Scritto da © ferdigiordano - Mar, 03/09/2013 - 14:26
Il posto è una vertenza di luce
tra stelle e case. Una gara a farsi più danno. Lassù,
l’ascella del cosmo mostra pelurie brune e lente
diatribe di tinte rosse che virano a notte. Ma è
l’oriente che già tira le coperte.
Tu lo chiami ascolto notturno,
Totò, e seduto in terrazza cerco gli appunti vocali
che ti sono caduti. Non si alzano, coerenti con l’occhio
che non li trova. Bisogna cercarli in altro modo: il nome
sorge da lettere nere, isolato nel calendario del corpo.
Da qualsiasi data tu sia venuta
era certo un bel giorno e lo è ancora. Per questo glicine,
immagino, cui hai dato l’acqua con parole vitali
tanto fragili da far tendere le foglie fino alle labbra,
e per le formiche, meraviglia, tra me e loro, simile:
“Chi è questa gigante che ti dà una briciola enorme?”
Oppure: “È tardi, rientriamo,” ed erano le tue labbra
in relazione al buio.
Ho scoperto qui la passione
che ti legava ai santuari, alle opere in cui si parla agli uomini
con l’alfabeto degli angeli.
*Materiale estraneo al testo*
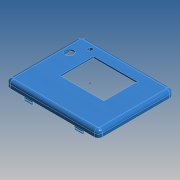
# Autodesk Inventor part: A2_TopCase
Saved by Autodesk Inventor 2020.2 (Build 242310000, 310)
## iProperties
Created: 2021-08-29
Part Number: A2_TopCase
Material: Plastique ABS
Document SubType Name: Modeling
Designer: Samy Francelet
Density: 1.06 g/cm^3
Appearance: Cyan
Author: Samy Francelet
Autodesk Inventor part; units mm, degrees
ref_plane "YZ Plane" through (0, 0, 0) normal (1, 0, 0) x (0, 1, 0)
ref_plane "XZ Plane" through (0, 0, 0) normal (0, 1, 0) x (-1, 0, 0)
ref_plane "XY Plane" through (0, 0, 0) normal (0, 0, 1) x (1, 0, 0)
sketch "Esquisse2" plane through (0, 0, 0) normal (0, 0, 1) x (1, 0, 0)
  line L0 (-78.4497, 0) -> (78.4497, 0) construction
  line L1 (0, -64.4497) -> (0, 64.4497) construction
  line L2 (-50, -45) -> (50, -45)
  line L3 (55, -40) -> (55, 40)
  line L4 (50, 45) -> (-50, 45)
  line L5 (-55, 40) -> (-55, -40)
  line L6 (-55, -45) -> (55, 45) construction
  line L7 (55, -45) -> (-55, 45) construction
  arc A0 (-50, 45) -> (-55, 40) centre (-50, 40) ccw
  arc A1 (-55, -40) -> (-50, -45) centre (-50, -40) ccw
  arc A2 (50, -45) -> (55, -40) centre (50, -40) ccw
  arc A3 (55, 40) -> (50, 45) centre (50, 40) ccw
  point P0 (0, 0)
  dimension "d0" = 110
  dimension "d1" = 90
  dimension "d2" = 5
  constraints: 12 end point, 8 point on circle, 8 point on line, 8 tangent, 4 centre point, 3 equal radius, 2 midpoint, 2 parallel, 1 horizontal, 1 perpendicular
  measures "d0" distance of L7.end L6.end
  measures "d1" distance of L6.end L7.start
  measures "d2" radius of A0
extrude "Extrusion1" add sketch "Esquisse2" along normal blind 8
fillet "Congé1" radius 4 8 edges at (53.5355, -43.5355, 8) (55, 0, 8) (53.5355, 43.5355, 8) (0, 45, 8) (-53.5355, 43.5355, 8) (-55, 0, 8) (-53.5355, -43.5355, 8) (0, -45, 8)
sketch "Esquisse3" plane through (0, 0, 8) normal (0, 0, 1) x (1, 0, 0)
  line L0 (-83, 0) -> (78, 0) construction
  line L1 (0, -64) -> (0, 69) construction
  line L2 (50, 45) -> (-50, 45) construction
  line L3 (-55, 40) -> (-55, -40) construction
  line L4 (-55, 45) -> (-26, 45) construction
  line L5 (-26, 45) -> (-26, 30) construction
  line L6 (-26, 30) -> (-55, 30) construction
  line L7 (-55, 30) -> (-55, 45) construction
  line L8 (-26, 30) -> (26.5, 30)
  line L9 (26.5, 30) -> (26.5, -10)
  line L10 (26.5, -10) -> (-26, -10)
  line L11 (-26, -10) -> (-26, 30)
  point P0 (0, 0)
  dimension "d6" = 29
  dimension "d7" = 15
  dimension "d8" = 52.5
  dimension "d9" = 40
  constraints: 16 end point, 4 parallel, 2 collinear, 2 horizontal, 2 perpendicular
  measures "d6" distance of L5.end L6.end
  measures "d7" distance of L4.end L5.end
  measures "d8" distance of L9.end L10.end
  measures "d9" distance of L8.end L9.end
extrude "Extrusion2" cut sketch "Esquisse3" against normal through all
sketch "Esquisse4" plane through (0, 0, 0) normal (0, 0, -1) x (-1, 0, 0)
  line L0 (0, -71.6569) -> (0, 72.6924) construction
  line L1 (86.6924, 0) -> (-85.6569, 0) construction
  line L2 (-50.5, -42.5) -> (50.5, -42.5)
  line L3 (52.5, -40.5) -> (52.5, 40.5)
  line L4 (50.5, 42.5) -> (-50.5, 42.5)
  line L5 (-52.5, 40.5) -> (-52.5, -40.5)
  line L6 (-52.5, -42.5) -> (52.5, 42.5) construction
  line L7 (52.5, -42.5) -> (-52.5, 42.5) construction
  arc A0 (-50.5, 42.5) -> (-52.5, 40.5) centre (-50.5, 40.5) ccw
  arc A1 (-52.5, -40.5) -> (-50.5, -42.5) centre (-50.5, -40.5) ccw
  arc A2 (50.5, -42.5) -> (52.5, -40.5) centre (50.5, -40.5) ccw
  arc A3 (52.5, 40.5) -> (50.5, 42.5) centre (50.5, 40.5) ccw
  line L8 (-26.5, -10) -> (-26.5, 30) construction
  line L9 (-26.5, 30) -> (26, 30) construction
  line L10 (26, 30) -> (26, -10) construction
  line L11 (26, -10) -> (-26.5, -10) construction
  arc A4 (50, -45) -> (55, -40) centre (50, -40) ccw construction
  line L12 (55, 40) -> (55, -40) construction
  arc A5 (55, 40) -> (50, 45) centre (50, 40) ccw construction
  line L13 (-50, 45) -> (50, 45) construction
  arc A6 (-50, 45) -> (-55, 40) centre (-50, 40) ccw construction
  line L14 (-55, -40) -> (-55, 40) construction
  arc A7 (-55, -40) -> (-50, -45) centre (-50, -40) ccw construction
  line L15 (50, -45) -> (-50, -45) construction
  line L16 (55, 40) -> (55, -40) construction
  line L17 (-50, 45) -> (50, 45) construction
  point P0 (0, 0)
  dimension "d12" = 105
  dimension "d13" = 85
  dimension "d14" = 2
  constraints: 12 end point, 8 point on circle, 8 point on line, 8 tangent, 4 centre point, 3 equal radius, 2 midpoint, 2 parallel, 1 horizontal, 1 perpendicular
  measures "d12" distance of L7.end L6.end
  measures "d13" distance of L6.end L7.start
  measures "d14" radius of A0
extrude "Extrusion3" cut sketch "Esquisse4" against normal blind 6
sketch "Esquisse5" plane through (0, 0, 0) normal (0, 0, -1) x (-1, 0, 0)
  line L0 (0, -71.6569) -> (0, 72.6924) construction
  line L1 (85.6569, 0) -> (-86.6924, 0) construction
  line L2 (-52.5, -40.5) -> (-52.5, 40.5) construction
  arc A0 (-50.5, 42.5) -> (-52.5, 40.5) centre (-50.5, 40.5) ccw construction
  line L3 (-50.5, 42.5) -> (50.5, 42.5) construction
  arc A1 (52.5, 40.5) -> (50.5, 42.5) centre (50.5, 40.5) ccw construction
  line L4 (52.5, 40.5) -> (52.5, -40.5) construction
  arc A2 (50.5, -42.5) -> (52.5, -40.5) centre (50.5, -40.5) ccw construction
  line L5 (50.5, -42.5) -> (-50.5, -42.5) construction
  arc A3 (-52.5, -40.5) -> (-50.5, -42.5) centre (-50.5, -40.5) ccw construction
  arc A4 (50, -45) -> (55, -40) centre (50, -40) ccw construction
  line L6 (55, 40) -> (55, -40) construction
  arc A5 (55, 40) -> (50, 45) centre (50, 40) ccw construction
  line L7 (-50, 45) -> (50, 45) construction
  arc A6 (-50, 45) -> (-55, 40) centre (-50, 40) ccw construction
  line L8 (-55, -40) -> (-55, 40) construction
  arc A7 (-55, -40) -> (-50, -45) centre (-50, -40) ccw construction
  line L9 (50, -45) -> (-50, -45) construction
  line L10 (-55, 45) -> (-35, 45) construction
  line L11 (-35, 45) -> (-35, 42.5) construction
  line L12 (-35, 42.5) -> (-55, 42.5) construction
  line L13 (-55, 42.5) -> (-55, 45) construction
  line L14 (-55, -40) -> (-55, 40) construction
  line L15 (-50, 45) -> (50, 45) construction
  line L16 (-35, 42.5) -> (-25, 42.5)
  line L17 (-25, 42.5) -> (-25, 43.5)
  line L18 (-25, 43.5) -> (-35, 43.5)
  line L19 (-35, 43.5) -> (-35, 42.5)
  point P0 (0, 0)
  dimension "d17" = 20
  dimension "d18" = 2.5
  dimension "d19" = 10
  dimension "d20" = 1
  constraints: 16 end point, 4 parallel, 2 collinear, 2 horizontal, 2 perpendicular
  measures "d17" distance of L11.end L12.end
  measures "d18" distance of L10.end L11.end
  measures "d19" distance of L18.end L17.end
  measures "d20" distance of L17.end L16.end
extrude "Extrusion4" add sketch "Esquisse5" along normal blind 6
sketch "Esquisse6" plane through (25, 43.5, 0) normal (0, 1, 0) x (1, 0, 0)
  line L0 (10, 0) -> (0, 0) construction
  line L1 (10, 0) -> (10, 6) construction
  line L2 (0, 6) -> (10, 6) construction
  line L3 (0, 0) -> (0, 6) construction
  line L4 (0, 6) -> (10, 6)
  line L5 (10, 6) -> (10, 3)
  line L6 (10, 3) -> (0, 3)
  line L7 (0, 3) -> (0, 6)
  point P0 (-25, 0)
  dimension "d23" = 3
  constraints: 8 end point, 2 parallel, 1 horizontal, 1 midpoint, 1 perpendicular
  measures "d23" distance of L4.end L5.end
extrude "Extrusion5" add sketch "Esquisse6" along normal blind 0.5
mirror "Symétrie1" about plane through (0, 0, 0) normal (1, 0, 0) of "Extrusion4", "Extrusion5"
mirror "Symétrie2" about plane through (0, 0, 0) normal (0, 1, 0) of "Extrusion4", "Extrusion5", "Symétrie1"
chamfer "Chanfrein1" distance 2.5 angle 25 1 edges at (30, 44, -6) measured on face at (30, 44, -5.5)
sketch "Esquisse9" plane through (0, 0, 6) normal (0, 0, -1) x (-1, 0, 0)
  line L0 (35, -42.5) -> (35, -43.5) construction
  line L1 (25, -43.5) -> (25, -42.5) construction
  line L2 (-25, -42.5) -> (-25, -43.5) construction
  line L3 (-35, -43.5) -> (-35, -42.5) construction
  line L4 (25, 42.5) -> (25, 43.5) construction
  line L5 (35, 43.5) -> (35, 42.5) construction
  line L6 (-35, 42.5) -> (-35, 43.5) construction
  line L7 (-25, 43.5) -> (-25, 42.5) construction
  arc A0 (52.5, 40.5) -> (50.5, 42.5) centre (50.5, 40.5) ccw construction
  line L8 (52.5, 40.5) -> (52.5, -40.5) construction
  arc A1 (50.5, -42.5) -> (52.5, -40.5) centre (50.5, -40.5) ccw construction
  line L9 (50.5, -42.5) -> (35, -42.5) construction
  arc A2 (-52.5, -40.5) -> (-50.5, -42.5) centre (-50.5, -40.5) ccw construction
  line L10 (-52.5, -40.5) -> (-52.5, 40.5) construction
  arc A3 (-50.5, 42.5) -> (-52.5, 40.5) centre (-50.5, 40.5) ccw construction
  line L11 (-50.5, 42.5) -> (-35, 42.5) construction
  arc A4 (50, -45) -> (55, -40) centre (50, -40) ccw construction
  line L12 (55, 40) -> (55, -40) construction
  arc A5 (55, 40) -> (50, 45) centre (50, 40) ccw construction
  line L13 (-50, 45) -> (50, 45) construction
  arc A6 (-50, 45) -> (-55, 40) centre (-50, 40) ccw construction
  line L14 (-55, -40) -> (-55, 40) construction
  arc A7 (-55, -40) -> (-50, -45) centre (-50, -40) ccw construction
  line L15 (50, -45) -> (-50, -45) construction
  line L16 (55, 40) -> (55, -40) construction
  line L17 (-50, 45) -> (50, 45) construction
  circle A8 centre (35, 35) radius 4
  line L18 (78.4497, 0) -> (-78.4497, 0) construction
  line L19 (0, -64.4497) -> (0, 64.4497) construction
  line L20 (0, 0) -> (35, 0) construction
  line L21 (35, 0) -> (35, 35) construction
  line L22 (35, 35) -> (0, 35) construction
  line L23 (0, 35) -> (0, 0) construction
  line L24 (35, -43.5) -> (25, -43.5) projected
  line L25 (-25, -43.5) -> (-35, -43.5) projected
  line L26 (25, 43.5) -> (35, 43.5) projected
  line L27 (-35, 43.5) -> (-25, 43.5) projected
  line L28 (25, -42.5) -> (-25, -42.5) projected
  line L29 (-35, -42.5) -> (-50.5, -42.5) projected
  line L30 (-25, 42.5) -> (25, 42.5) projected
  line L31 (35, 42.5) -> (50.5, 42.5) projected
  dimension "d49" = 8
  dimension "d52" = 35
  dimension "d53" = 35
  constraints: 8 end point, 2 parallel, 1 centre point, 1 coincident, 1 horizontal, 1 perpendicular
  measures "d49" diameter of A8
  measures "d52" distance of L21.end L22.end
  measures "d53" distance of L20.end L21.end
extrude "Extrusion7" add sketch "Esquisse9" along normal blind 4
sketch "Esquisse7" plane through (0, 0, 8) normal (0, 0, 1) x (1, 0, 0)
  circle A0 centre (-44, 19.5) radius 5
  circle A1 centre (-35, 35) radius 2.7
  line L0 (0, 0) -> (-35, 0) construction
  line L1 (-35, 0) -> (-35, 35) construction
  line L2 (-35, 35) -> (0, 35) construction
  line L3 (0, 35) -> (0, 0) construction
  line L4 (-35, 35) -> (-37.15, 35) construction
  line L5 (-37.15, 33.3668) -> (-37.15, 36.6332)
  line L6 (-32.85, 33.3668) -> (-32.85, 36.6332)
  line L7 (0, 0) -> (-44, 0) construction
  line L8 (-44, 0) -> (-44, 19.5) construction
  line L9 (-44, 19.5) -> (0, 19.5) construction
  line L10 (0, 19.5) -> (0, 0) construction
  dimension "d34" = 10
  dimension "d39" = 5.4
  dimension "d54" = 35
  dimension "d55" = 35
  dimension "d56" = 2.15
  dimension "d57" = 44
  dimension "d58" = 19.5
  constraints: 22 end point, 4 parallel, 3 horizontal, 2 centre point, 2 coincident, 2 perpendicular, 2 point on circle, 2 symmetric about line, 1 midpoint, 1 vertical
  measures "d34" diameter of A0
  measures "d39" diameter of A1
  measures "d54" distance of L1.end L2.end
  measures "d55" distance of L0.end L1.end
  measures "d56" distance of L1.end L4.end
  measures "d57" distance of L8.end L9.end
  measures "d58" distance of L7.end L8.end
extrude "Extrusion6" cut sketch "Esquisse7" against normal through all contours A0 | L6 A1 L5
sketch "Esquisse11" plane through (0, 0, 8) normal (0, 0, 1) x (1, 0, 0)
  point P0 (0, 0)
chamfer "Chanfrein3" distance 2.5 angle 25 1 edges at (-30, 44, -6) measured on face at (-30, 44, -5.5)
chamfer "Chanfrein4" distance 2.5 angle 25 1 edges at (-30, -44, -6) measured on face at (-30, -44, -5.5)
chamfer "Chanfrein5" distance 2.5 angle 25 1 edges at (30, -44, -6) measured on face at (30, -44, -5.5)
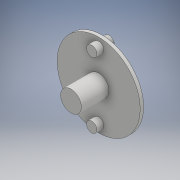
# Autodesk Inventor part: EE Wheel
Saved by Autodesk Inventor 2017 (Build 210142000, 142)
## iProperties
Created: 2018-10-18
Part Number: EE Wheel
Material: Generic
Document SubType Name: Modeling
Designer: Cameron
Density: 1 g/cm^3
Appearance: Default
Author: Cameron
Autodesk Inventor part; units mm, degrees
ref_plane "YZ Plane" through (0, 0, 0) normal (1, 0, 0) x (0, 1, 0)
ref_plane "XZ Plane" through (0, 0, 0) normal (0, 1, 0) x (-1, 0, 0)
ref_plane "XY Plane" through (0, 0, 0) normal (0, 0, 1) x (1, 0, 0)
sketch "Sketch1" plane through (0, 0, 0) normal (0, 1, 0) x (-1, 0, 0)
  circle A0 centre (0, 0) radius 3
  dimension "d0" = 6
  constraints: 1 centre point, 1 coincident
  measures "d0" diameter of A0
extrude "Extrusion1" add sketch "Sketch1" along normal blind 6
sketch "Sketch2" plane through (0, 6, 0) normal (0, 1, 0) x (1, 0, 0)
  circle A0 centre (0, 0) radius 3 projected
  circle A1 centre (0, 0) radius 12
  dimension "d3" = 24
  constraints: 1 centre point, 1 coincident
  measures "d3" diameter of A1
extrude "Extrusion2" add sketch "Sketch2" along normal blind 1 contours A0 | A1
sketch "Sketch3" plane through (0, 7, 0) normal (0, 1, 0) x (1, 0, 0)
  circle A0 centre (0, 0) radius 12 projected
  line L0 (0, 0) -> (0, -9.5)
  line L1 (0, -9.5) -> (0, 9.5)
  circle A1 centre (0, -9.5) radius 1.5
  circle A2 centre (0, 9.5) radius 1.5
  dimension "d6" = 9.5
  dimension "d7" = 19
  dimension "d8" = 3
  dimension "d9" = 3
  constraints: 4 end point, 2 centre point, 2 coincident, 1 point on line, 1 vertical
  measures "d6" distance of L0.start L0.end
  measures "d7" distance of L0.end L1.end
  measures "d8" diameter of A1
  measures "d9" diameter of A2
extrude "Extrusion3" add sketch "Sketch3" along normal blind 2 and the other way blind 3 contours A1 | A2
sketch "Sketch4" plane through (0, 0, 0) normal (0, -1, 0) x (1, 0, 0)
  circle A0 centre (0, 0) radius 3 projected
extrude "Extrusion4" add sketch "Sketch4" along normal blind 2
body "Solid1"
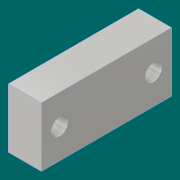
# Autodesk Inventor part: suppourtBlock
Saved by Autodesk Inventor 2016 (Build 200138000, 138)
## iProperties
Created: 2016-02-18
Part Number: suppourtBlock
Material: Aluminum 6061
Document SubType Name: Modeling
Designer: Sawaiz
Density: 2.7 g/cm^3
Appearance: Aluminum - Flat
Author: Sawaiz
Autodesk Inventor part; units mm, degrees
note: some values were not read from the file. Left out: dimensions or parameters whose unit could not be read.
ref_plane "YZ Plane" through (0, 0, 0) normal (1, 0, 0) x (0, 1, 0)
ref_plane "XZ Plane" through (0, 0, 0) normal (0, 1, 0) x (-1, 0, 0)
ref_plane "XY Plane" through (0, 0, 0) normal (0, 0, 1) x (1, 0, 0)
sketch "Sketch4" plane through (0, 0, 0) normal (0, 1, 0) x (-1, 0, 0)
  line L0 (-12.5, -5.708) -> (12.5, -5.708)
  line L1 (12.5, -5.708) -> (12.5, 5.708)
  line L2 (12.5, 5.708) -> (-12.5, 5.708)
  line L3 (-12.5, 5.708) -> (-12.5, -5.708)
  line L4 (-12.5, -5.708) -> (12.5, 5.708) construction
  line L5 (12.5, -5.708) -> (-12.5, 5.708) construction
  point P0 (0, 0)
  dimension "d22" = 11.416
  dimension "d23" = 25
  constraints: 12 end point, 2 midpoint, 2 parallel, 1 horizontal, 1 perpendicular
  measures "d22" distance of L0.end L1.end
  measures "d23" distance of L0.start L0.end
extrude "Extrusion3" add sketch "Sketch4" along normal mid plane 6.35
sketch "Sketch5" plane through (0, 3.175, 0) normal (0, 1, 0) x (1, 0, 0)
  line L0 (12.5, 5.708) -> (-12.5, 5.708) projected
  line L1 (-12.5, 5.708) -> (-12.5, -5.708) projected
  line L2 (-12.5, -5.708) -> (12.5, -5.708) projected
  line L3 (12.5, -5.708) -> (12.5, 5.708) projected
  line L4 (9, 0) -> (0, 0)
  dimension "d26" = 9
  constraints: 2 end point, 1 coincident, 1 horizontal
  measures "d26" distance of L4.start L4.end
hole "Hole2" at (9, 3.175, 0) direction (0, -1, 0) diameter 3.264 end through all clearance for "Socket Head Cap Screw" size "#4" standard "Ansi Unified Screw Threads"
mirror "Mirror2" about plane through (0, 0, 0) normal (1, 0, 0) of "Hole2"
equation "\"d22\" = 2 * silveringThickness + ScintillatorThickness + 2 * rubberizedCoating"
equation "\"d26\" = MountingScrewOffsett"
equation "\"OpticalFiberClearence\" = 0.071"
equation "\"ScintillatorEdgeClearence\" = 3"
equation "\"ShallowTrackDepth\" = 1.142"
equation "\"DeepTrackDepth\" = 5.571"
equation "\"FiberEdgeOffsett\" = 5"
equation "\"LoopLargeTrackRatio\" = 1.1"
equation "\"FiberSensorClerence\" = 0.5"
equation "\"MountingScrewOffsett\" = 9"
equation "\"silveringThickness\" = 0.2"
equation "\"mppcMountDepth\" = 6.35"
equation "\"ScintillatorThickness\" = 10"
body "Solid3"
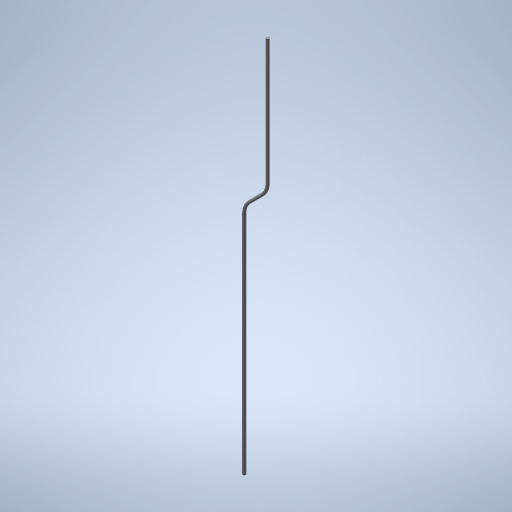
# Autodesk Inventor part: cable meñique
Saved by Autodesk Inventor 2023 (Build 270158000, 158)
## iProperties
Created: 2022-10-18
Part Number: cable meñique
Material: Generic
Document SubType Name: Modeling
Designer: Xiaba
Density: 1 g/cm^3
Appearance: Default
Author: Xiaba
Autodesk Inventor part; units mm, degrees
ref_plane "YZ Plane" through (0, 0, 0) normal (1, 0, 0) x (0, 1, 0)
ref_plane "XZ Plane" through (0, 0, 0) normal (0, 1, 0) x (-1, 0, 0)
ref_plane "XY Plane" through (0, 0, 0) normal (0, 0, 1) x (1, 0, 0)
sketch "Sketch1" plane through (0, 0, 0) normal (0, 1, 0) x (-1, 0, 0)
  circle A0 centre (0, 0) radius 0.45
  dimension "d0" = 0.9
  constraints: 1 centre point, 1 coincident
  measures "d0" diameter of A0
sketch "Sketch2" plane through (0, 0, 0) normal (0, 0, 1) x (1, 0, 0)
  line L0 (0, 0) -> (0, 0.1)
  line L1 (0, 0.1) -> (0, 68.0289)
  line L2 (1.4645, 71.5645) -> (5.6066, 75.7066)
  line L3 (7.0711, 79.2421) -> (7.0711, 117.1711)
  arc A0 (5.6066, 75.7066) -> (7.0711, 79.2421) centre (2.0711, 79.2421) ccw
  arc A1 (1.4645, 71.5645) -> (0, 68.0289) centre (5, 68.0289) ccw
  point P0 (0, 70.1)
  point P1 (7.0711, 77.1711)
  dimension "d1" = 0.1
  dimension "d6" = 10
  dimension "d7" = 40
  dimension "d8" = 5
  dimension "d9" = 5
  constraints: 8 end point, 4 point on circle, 4 point on line, 4 tangent, 3 vertical, 2 centre point
  measures "d1" distance of L0.start L0.end
  measures "d6" distance of point (0, 70.1) point (7.071, 77.171)
  measures "d7" distance of point (7.071, 77.171) L3.end
  measures "d8" radius of A0
  measures "d9" radius of A1
sweep "Sweep2" add profiles "Sketch1" path "Sketch2"
body "Solid2"

Qui ho subito la reincarnazione
del dubbio quando il Capitano ha messo in valigia
la vita ed è partito in salita, e contemporaneamente
arrivava nel ventre mio figlio. Per quale loro sventura
il suo sangue e l’altro suo non si sono conosciuti?
Chi di noi era il più vecchio volle
distendersi un poco. Guardo la sdraio e vedo il fosso
nel telo: la tua nuvola si forma, così raccolta e chiusa
così racconta, io penso.
Così raccolta racconta perché il giorno non dura.